Составляя этот перечень возможного, мы часто сталкивались с тем, что я во Введении назвал «материальной цивилизацией». Ибо у возможного есть не только верхний предел; оно ограничено и снизу — всей массой той «другой половины» производства, которая не входит целиком в движение обмена. Эта материальная жизнь, повсюду присутствующая, повторяющаяся, все заполняющая, протекает под знаком рутины. Хлеб сеют так же, как сеяли всегда; маис сажают так же, как его сажали всегда; рисовое поле выравнивают так же, как выравнивали его всегда; и по Красному морю плавают точно так же, как всегда плавали. Упорно отстаивающее свое присутствие прожорливое прошлое монотонно поглощает хрупкое время людей. И эта поверхность стагнирующей истории огромна: к ней в огромном своем большинстве относится сельская жизнь, т. е. жизнь 80–90 % населения земного шара. Разумеется, было бы очень трудно определить точно, где она кончается и где начинается гибкая и подвижная рыночная экономика. Конечно же, эта цивилизация не отделена от экономики так, как отделяется вода от масла. К тому же не всегда возможно безоговорочно решить, по ту или иную сторону барьера находятся доступные наблюдению действующее лицо, фактор или явление. И следует показать материальную цивилизацию, что я и сделаю, одновременно с цивилизацией экономической (если можно так выразиться), которая существует, с нею бок о бок, возмущает ее и, противостоя ей, объясняет ее. Но не подлежит сомнению, что барьер все же существует, а это влечет за собой огромные последствия.

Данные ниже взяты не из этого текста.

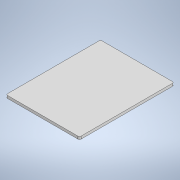
# Autodesk Inventor part: ur3_base
Saved by Autodesk Inventor 2022 (Build 260153000, 153)
## iProperties
Created: 2022-08-11
Part Number: ur3_base
Material: Generic
Document SubType Name: Modeling
Designer: Alok
Density: 1 g/cm^3
Appearance: Default
Author: Alok
Autodesk Inventor part; units mm, degrees
ref_plane "YZ Plane" through (0, 0, 0) normal (1, 0, 0) x (0, 1, 0)
ref_plane "XZ Plane" through (0, 0, 0) normal (0, 1, 0) x (-1, 0, 0)
ref_plane "XY Plane" through (0, 0, 0) normal (0, 0, 1) x (1, 0, 0)
sketch "Sketch1" plane through (0, 0, 0) normal (0, 1, 0) x (-1, 0, 0)
  line L0 (70, 90) -> (-70, 90)
  line L1 (-70, 90) -> (-70, -90)
  line L2 (-70, -90) -> (70, -90)
  line L3 (70, -90) -> (70, 90)
  line L4 (70, 90) -> (-70, -90) construction
  line L5 (-70, 90) -> (70, -90) construction
  point P0 (0, 0)
  dimension "d0" = 140
  dimension "d1" = 180
  constraints: 12 end point, 2 midpoint, 2 parallel, 1 horizontal, 1 perpendicular
  measures "d0" distance of L2.end L1.end
  measures "d1" distance of L1.end L0.end
extrude "Extrusion1" add sketch "Sketch1" along normal blind 5
fillet "Face Fillet1" radius 3 1 edges at (70, 2.5, 90)
fillet "Face Fillet2" radius 3 1 edges at (70, 2.5, -90)
fillet "Face Fillet3" radius 3 1 edges at (-70, 2.5, -90)
fillet "Face Fillet4" radius 3 1 edges at (-70, 2.5, 90)
body "Solid1"
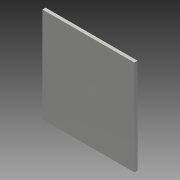
# Autodesk Inventor part: Solar Panel PCB
Saved by Autodesk Inventor 2015 SP1 (Build 190203100, 203)
## iProperties
Created: 2015-06-25
Part Number: Solar Panel PCB
Material: Generic
Document SubType Name: Modeling
Designer: Kartikye
Density: 1 g/cm^3
Appearance: Default
Author: Kartikye
Autodesk Inventor part; units mm, degrees
ref_plane "YZ Plane" through (0, 0, 0) normal (1, 0, 0) x (0, 1, 0)
ref_plane "XZ Plane" through (0, 0, 0) normal (0, 1, 0) x (-1, 0, 0)
ref_plane "XY Plane" through (0, 0, 0) normal (0, 0, 1) x (1, 0, 0)
sketch "Sketch1" plane through (0, 0, 0) normal (0, 1, 0) x (-1, 0, 0)
  line L0 (-23.4, 24.2) -> (23.4, 24.2)
  line L1 (23.4, 24.2) -> (23.4, -24.2)
  line L2 (23.4, -24.2) -> (-23.4, -24.2)
  line L3 (-23.4, -24.2) -> (-23.4, 24.2)
  line L4 (-23.4, 24.2) -> (23.4, -24.2) construction
  line L5 (23.4, 24.2) -> (-23.4, -24.2) construction
  point P0 (0, 0)
  dimension "d0" = 46.8
  dimension "d1" = 48.4
  constraints: 12 end point, 2 midpoint, 2 parallel, 1 horizontal, 1 perpendicular
  measures "d0" distance of L1.end L2.end
  measures "d1" distance of L0.end L1.end
extrude "Extrusion1" add sketch "Sketch1" along normal blind 1.6
body "Solid1"

Двойной отсчет, экономический и материальный, на самом деле возник в итоге многовекового развития. Материальная жизнь в промежутке между XV и XVIII вв. — это продолжение древнего общества, древней экономики, трансформирующихся очень медленно, незаметно. Мало-помалу они создали над собой — с достижениями и неудачами, которые легко себе представить, — общество более высокого, чем они, уровня, бремя которого им поневоле приходилось нести. И с тех пор всегда сосуществовали верхний и нижний уровни и бесконечно варьировало их соотношение. Разве не выиграла материальная жизнь в Европе в XVII в. с упадком экономики? Да и на наших глазах после регресса, начавшегося в 1973–1974 гг., материальная жизнь явно выигрывает. И таким образом, по обе стороны границы, нечеткой по самой своей природе, сосуществуют первый и второй «этажи»; и если более высокий продвигается вперед, то другой отстает. Так, хорошо мне знакомая деревня еще в 1929 г. жила чуть ли не в XVII или XVIII в. Такого рода отставание бывает либо невольным, либо преднамеренным. До XVIII в. рыночной экономике не хватало сил, чтобы овладеть и по своему усмотрению придать форму всей массе инфраэкономики, зачастую защищаемой удаленностью и изоляцией. И наоборот, если сегодня имеется обширный внерыночный, «внеэкономический» сектор, то это объясняется скорее сопротивлением на базовом уровне, нежели небрежением или несовершенством обмена, организуемого государством, или же обществом. И тем не менее в силу ряда причин результат может быть только аналогичным.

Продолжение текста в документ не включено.